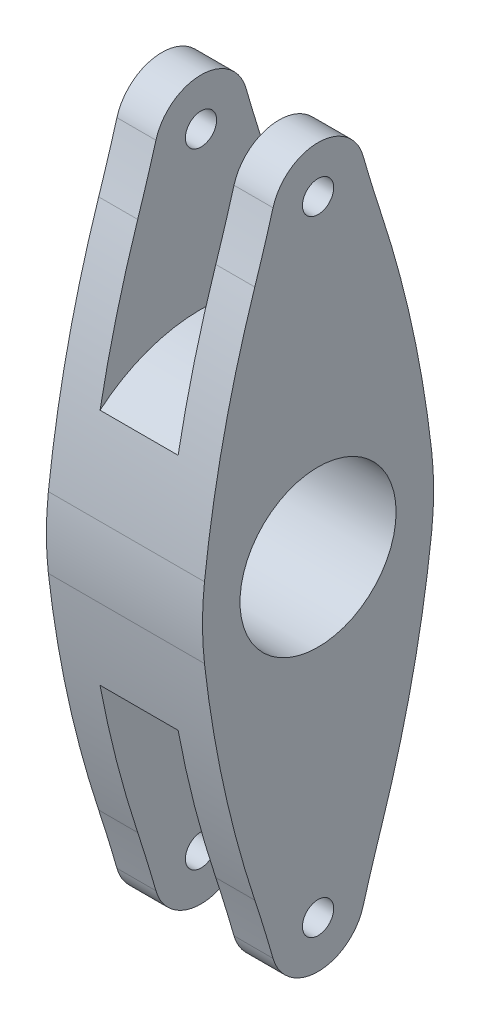
ISO-10303-21;
HEADER;
FILE_DESCRIPTION(('STEP AP214'),'2;1');
FILE_NAME('part.step','',(''),(''),'','','');
FILE_SCHEMA(('AUTOMOTIVE_DESIGN { 1 0 10303 214 1 1 1 1 }'));
ENDSEC;
DATA;
#1=APPLICATION_CONTEXT('core data for automotive mechanical design processes');
#2=APPLICATION_PROTOCOL_DEFINITION('international standard','automotive_design',2000,#1);
#3=PRODUCT_CONTEXT('',#1,'mechanical');
#4=PRODUCT('Part','Part','',(#3));
#5=PRODUCT_RELATED_PRODUCT_CATEGORY('part','',(#4));
#6=PRODUCT_DEFINITION_FORMATION('','',#4);
#7=PRODUCT_DEFINITION_CONTEXT('part definition',#1,'design');
#8=PRODUCT_DEFINITION('design','',#6,#7);
#9=PRODUCT_DEFINITION_SHAPE('','',#8);
#10=(LENGTH_UNIT() NAMED_UNIT(*) SI_UNIT(.MILLI.,.METRE.));
#11=(NAMED_UNIT(*) PLANE_ANGLE_UNIT() SI_UNIT($,.RADIAN.));
#12=(NAMED_UNIT(*) SI_UNIT($,.STERADIAN.) SOLID_ANGLE_UNIT());
#13=UNCERTAINTY_MEASURE_WITH_UNIT(LENGTH_MEASURE(1.E-05),#10,'distance_accuracy_value','');
#14=(GEOMETRIC_REPRESENTATION_CONTEXT(3) GLOBAL_UNCERTAINTY_ASSIGNED_CONTEXT((#13)) GLOBAL_UNIT_ASSIGNED_CONTEXT((#10,
#11,#12)) REPRESENTATION_CONTEXT('',''));
#15=CARTESIAN_POINT('',(0.,0.,0.));
#16=DIRECTION('',(0.,0.,1.));
#17=DIRECTION('',(1.,0.,0.));
#18=AXIS2_PLACEMENT_3D('',#15,#16,#17);
#19=CARTESIAN_POINT('',(5.,-3.08420119348635,-33.3047830821615));
#20=DIRECTION('',(-1.,0.,0.));
#21=DIRECTION('',(0.,0.,1.));
#22=AXIS2_PLACEMENT_3D('',#19,#20,#21);
#23=CYLINDRICAL_SURFACE('',#22,37.1829160538539);
#24=CARTESIAN_POINT('',(3.75,-3.08420119348635,-33.3047830821615));
#25=DIRECTION('',(-1.,0.,0.));
#26=DIRECTION('',(0.,0.,1.));
#27=AXIS2_PLACEMENT_3D('',#24,#25,#26);
#28=CIRCLE('',#27,37.1829160538539);
#29=CARTESIAN_POINT('',(3.75,3.8145264666766,3.23255128884657));
#30=VERTEX_POINT('',#29);
#31=CARTESIAN_POINT('',(3.75,8.50449351808189,2.02610144044867));
#32=VERTEX_POINT('',#31);
#33=EDGE_CURVE('E277',#30,#32,#28,.T.);
#34=ORIENTED_EDGE('',*,*,#33,.F.);
#35=DIRECTION('',(-1.,0.,0.));
#36=VECTOR('',#35,1.);
#37=CARTESIAN_POINT('',(3.75,3.8145264666766,3.23255128884657));
#38=LINE('',#37,#36);
#39=CARTESIAN_POINT('',(1.25,3.8145264666766,3.23255128884657));
#40=VERTEX_POINT('',#39);
#41=EDGE_CURVE('E243',#30,#40,#38,.T.);
#42=ORIENTED_EDGE('',*,*,#41,.T.);
#43=CARTESIAN_POINT('',(1.25,-3.08420119348635,-33.3047830821615));
#44=DIRECTION('',(-1.,0.,0.));
#45=DIRECTION('',(0.,0.,1.));
#46=AXIS2_PLACEMENT_3D('',#43,#44,#45);
#47=CIRCLE('',#46,37.1829160538539);
#48=CARTESIAN_POINT('',(1.25,8.50449351808189,2.02610144044867));
#49=VERTEX_POINT('',#48);
#50=EDGE_CURVE('E259',#40,#49,#47,.T.);
#51=ORIENTED_EDGE('',*,*,#50,.T.);
#52=DIRECTION('',(-1.,0.,0.));
#53=VECTOR('',#52,1.);
#54=CARTESIAN_POINT('',(5.,8.50449351808189,2.02610144044867));
#55=LINE('',#54,#53);
#56=CARTESIAN_POINT('',(0.,8.5044935180819,2.02610144044867));
#57=VERTEX_POINT('',#56);
#58=EDGE_CURVE('E391',#49,#57,#55,.T.);
#59=ORIENTED_EDGE('',*,*,#58,.T.);
#60=CARTESIAN_POINT('',(0.,-3.08420119348635,-33.3047830821615));
#61=DIRECTION('',(1.,0.,0.));
#62=DIRECTION('',(0.,0.,1.));
#63=AXIS2_PLACEMENT_3D('',#60,#61,#62);
#64=CIRCLE('',#63,37.1829160538539);
#65=CARTESIAN_POINT('',(0.,1.13461013063353,3.63802240523242));
#66=VERTEX_POINT('',#65);
#67=EDGE_CURVE('E323',#57,#66,#64,.T.);
#68=ORIENTED_EDGE('',*,*,#67,.T.);
#69=DIRECTION('',(-1.,0.,0.));
#70=VECTOR('',#69,1.);
#71=CARTESIAN_POINT('',(5.,1.13461013063353,3.63802240523242));
#72=LINE('',#71,#70);
#73=CARTESIAN_POINT('',(5.,1.13461013063353,3.63802240523242));
#74=VERTEX_POINT('',#73);
#75=EDGE_CURVE('E447',#66,#74,#72,.F.);
#76=ORIENTED_EDGE('',*,*,#75,.T.);
#77=CARTESIAN_POINT('',(5.,-3.08420119348635,-33.3047830821615));
#78=DIRECTION('',(1.,0.,0.));
#79=DIRECTION('',(0.,0.,1.));
#80=AXIS2_PLACEMENT_3D('',#77,#78,#79);
#81=CIRCLE('',#80,37.1829160538539);
#82=CARTESIAN_POINT('',(5.,8.5044935180819,2.02610144044867));
#83=VERTEX_POINT('',#82);
#84=EDGE_CURVE('E327',#83,#74,#81,.T.);
#85=ORIENTED_EDGE('',*,*,#84,.F.);
#86=EDGE_CURVE('E392',#83,#32,#55,.T.);
#87=ORIENTED_EDGE('',*,*,#86,.T.);
#88=EDGE_LOOP('',(#34,#42,#51,#59,#68,#76,#85,#87));
#89=FACE_BOUND('',#88,.T.);
#90=ADVANCED_FACE('F42',(#89),#23,.T.);
#91=CARTESIAN_POINT('',(5.,3.08420119348635,-33.3047830821615));
#92=DIRECTION('',(-1.,0.,0.));
#93=DIRECTION('',(0.,0.,1.));
#94=AXIS2_PLACEMENT_3D('',#91,#92,#93);
#95=CYLINDRICAL_SURFACE('',#94,37.1829160538539);
#96=CARTESIAN_POINT('',(3.75,3.08420119348635,-33.3047830821615));
#97=DIRECTION('',(-1.,0.,0.));
#98=DIRECTION('',(0.,0.,1.));
#99=AXIS2_PLACEMENT_3D('',#96,#97,#98);
#100=CIRCLE('',#99,37.1829160538539);
#101=CARTESIAN_POINT('',(3.75,-8.50449351808188,2.02610144044867));
#102=VERTEX_POINT('',#101);
#103=CARTESIAN_POINT('',(3.75,-3.8145264666766,3.23255128884656));
#104=VERTEX_POINT('',#103);
#105=EDGE_CURVE('E216',#102,#104,#100,.T.);
#106=ORIENTED_EDGE('',*,*,#105,.F.);
#107=DIRECTION('',(-1.,0.,0.));
#108=VECTOR('',#107,1.);
#109=CARTESIAN_POINT('',(5.,-8.50449351808186,2.02610144044869));
#110=LINE('',#109,#108);
#111=CARTESIAN_POINT('',(5.,-8.50449351808186,2.02610144044869));
#112=VERTEX_POINT('',#111);
#113=EDGE_CURVE('E387',#102,#112,#110,.F.);
#114=ORIENTED_EDGE('',*,*,#113,.T.);
#115=CARTESIAN_POINT('',(5.,3.08420119348635,-33.3047830821615));
#116=DIRECTION('',(1.,0.,0.));
#117=DIRECTION('',(0.,0.,-1.));
#118=AXIS2_PLACEMENT_3D('',#115,#116,#117);
#119=CIRCLE('',#118,37.1829160538539);
#120=CARTESIAN_POINT('',(5.,-1.13461013063353,3.63802240523242));
#121=VERTEX_POINT('',#120);
#122=EDGE_CURVE('E331',#121,#112,#119,.T.);
#123=ORIENTED_EDGE('',*,*,#122,.F.);
#124=DIRECTION('',(-1.,0.,0.));
#125=VECTOR('',#124,1.);
#126=CARTESIAN_POINT('',(5.,-1.13461013063353,3.63802240523242));
#127=LINE('',#126,#125);
#128=CARTESIAN_POINT('',(0.,-1.13461013063353,3.63802240523242));
#129=VERTEX_POINT('',#128);
#130=EDGE_CURVE('E437',#121,#129,#127,.T.);
#131=ORIENTED_EDGE('',*,*,#130,.T.);
#132=CARTESIAN_POINT('',(0.,3.08420119348635,-33.3047830821615));
#133=DIRECTION('',(1.,0.,0.));
#134=DIRECTION('',(0.,0.,-1.));
#135=AXIS2_PLACEMENT_3D('',#132,#133,#134);
#136=CIRCLE('',#135,37.1829160538539);
#137=CARTESIAN_POINT('',(0.,-8.50449351808186,2.02610144044869));
#138=VERTEX_POINT('',#137);
#139=EDGE_CURVE('E356',#129,#138,#136,.T.);
#140=ORIENTED_EDGE('',*,*,#139,.T.);
#141=CARTESIAN_POINT('',(1.25,-8.50449351808186,2.02610144044869));
#142=VERTEX_POINT('',#141);
#143=EDGE_CURVE('E388',#138,#142,#110,.F.);
#144=ORIENTED_EDGE('',*,*,#143,.T.);
#145=CARTESIAN_POINT('',(1.25,3.08420119348635,-33.3047830821615));
#146=DIRECTION('',(-1.,0.,0.));
#147=DIRECTION('',(0.,0.,1.));
#148=AXIS2_PLACEMENT_3D('',#145,#146,#147);
#149=CIRCLE('',#148,37.1829160538539);
#150=CARTESIAN_POINT('',(1.25,-3.8145264666766,3.23255128884656));
#151=VERTEX_POINT('',#150);
#152=EDGE_CURVE('E58',#142,#151,#149,.T.);
#153=ORIENTED_EDGE('',*,*,#152,.T.);
#154=DIRECTION('',(-1.,0.,0.));
#155=VECTOR('',#154,1.);
#156=CARTESIAN_POINT('',(3.75,-3.8145264666766,3.23255128884656));
#157=LINE('',#156,#155);
#158=EDGE_CURVE('E209',#104,#151,#157,.T.);
#159=ORIENTED_EDGE('',*,*,#158,.F.);
#160=EDGE_LOOP('',(#106,#114,#123,#131,#140,#144,#153,#159));
#161=FACE_BOUND('',#160,.T.);
#162=ADVANCED_FACE('F227',(#161),#95,.T.);
#163=CARTESIAN_POINT('',(5.,-10.,0.));
#164=DIRECTION('',(-1.,0.,0.));
#165=DIRECTION('',(0.,0.,1.));
#166=AXIS2_PLACEMENT_3D('',#163,#164,#165);
#167=CYLINDRICAL_SURFACE('',#166,1.5);
#168=CARTESIAN_POINT('',(3.75,-10.,0.));
#169=DIRECTION('',(-1.,0.,0.));
#170=DIRECTION('',(0.,0.,1.));
#171=AXIS2_PLACEMENT_3D('',#168,#169,#170);
#172=CIRCLE('',#171,1.5);
#173=CARTESIAN_POINT('',(3.75,-10.4103258062322,-1.44278644737878));
#174=VERTEX_POINT('',#173);
#175=CARTESIAN_POINT('',(3.75,-10.4103258062322,1.44278644737878));
#176=VERTEX_POINT('',#175);
#177=EDGE_CURVE('E235',#174,#176,#172,.T.);
#178=ORIENTED_EDGE('',*,*,#177,.F.);
#179=DIRECTION('',(-1.,0.,0.));
#180=VECTOR('',#179,1.);
#181=CARTESIAN_POINT('',(5.,-10.4103258062322,-1.44278644737879));
#182=LINE('',#181,#180);
#183=CARTESIAN_POINT('',(5.,-10.4103258062322,-1.44278644737879));
#184=VERTEX_POINT('',#183);
#185=EDGE_CURVE('E382',#174,#184,#182,.F.);
#186=ORIENTED_EDGE('',*,*,#185,.T.);
#187=CARTESIAN_POINT('',(5.,-10.,0.));
#188=DIRECTION('',(1.,0.,0.));
#189=DIRECTION('',(0.,0.,-1.));
#190=AXIS2_PLACEMENT_3D('',#187,#188,#189);
#191=CIRCLE('',#190,1.5);
#192=CARTESIAN_POINT('',(5.,-10.4103258062322,1.44278644737878));
#193=VERTEX_POINT('',#192);
#194=EDGE_CURVE('E336',#193,#184,#191,.T.);
#195=ORIENTED_EDGE('',*,*,#194,.F.);
#196=DIRECTION('',(-1.,0.,0.));
#197=VECTOR('',#196,1.);
#198=CARTESIAN_POINT('',(5.,-10.4103258062322,1.44278644737878));
#199=LINE('',#198,#197);
#200=EDGE_CURVE('E378',#193,#176,#199,.T.);
#201=ORIENTED_EDGE('',*,*,#200,.T.);
#202=EDGE_LOOP('',(#178,#186,#195,#201));
#203=FACE_BOUND('',#202,.T.);
#204=ADVANCED_FACE('F558',(#203),#167,.T.);
#205=CARTESIAN_POINT('',(5.,3.08420119348634,33.3047830821615));
#206=DIRECTION('',(-1.,0.,0.));
#207=DIRECTION('',(0.,0.,1.));
#208=AXIS2_PLACEMENT_3D('',#205,#206,#207);
#209=CYLINDRICAL_SURFACE('',#208,37.1829160538539);
#210=CARTESIAN_POINT('',(3.75,3.08420119348634,33.3047830821615));
#211=DIRECTION('',(-1.,0.,0.));
#212=DIRECTION('',(0.,0.,1.));
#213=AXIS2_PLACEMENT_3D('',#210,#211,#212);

→ Your objective: Repeat the lines above, starting at the first and stopping after the line that holds "#5=PRODUCT_RELATED_PRODUCT_CATEGORY('part','',(#4));", with the pictures left out.

→ Response area:
ISO-10303-21;
HEADER;
FILE_DESCRIPTION(('STEP AP214'),'2;1');
FILE_NAME('part.step','',(''),(''),'','','');
FILE_SCHEMA(('AUTOMOTIVE_DESIGN { 1 0 10303 214 1 1 1 1 }'));
ENDSEC;
DATA;
#1=APPLICATION_CONTEXT('core data for automotive mechanical design processes');
#2=APPLICATION_PROTOCOL_DEFINITION('international standard','automotive_design',2000,#1);
#3=PRODUCT_CONTEXT('',#1,'mechanical');
#4=PRODUCT('Part','Part','',(#3));
#5=PRODUCT_RELATED_PRODUCT_CATEGORY('part','',(#4));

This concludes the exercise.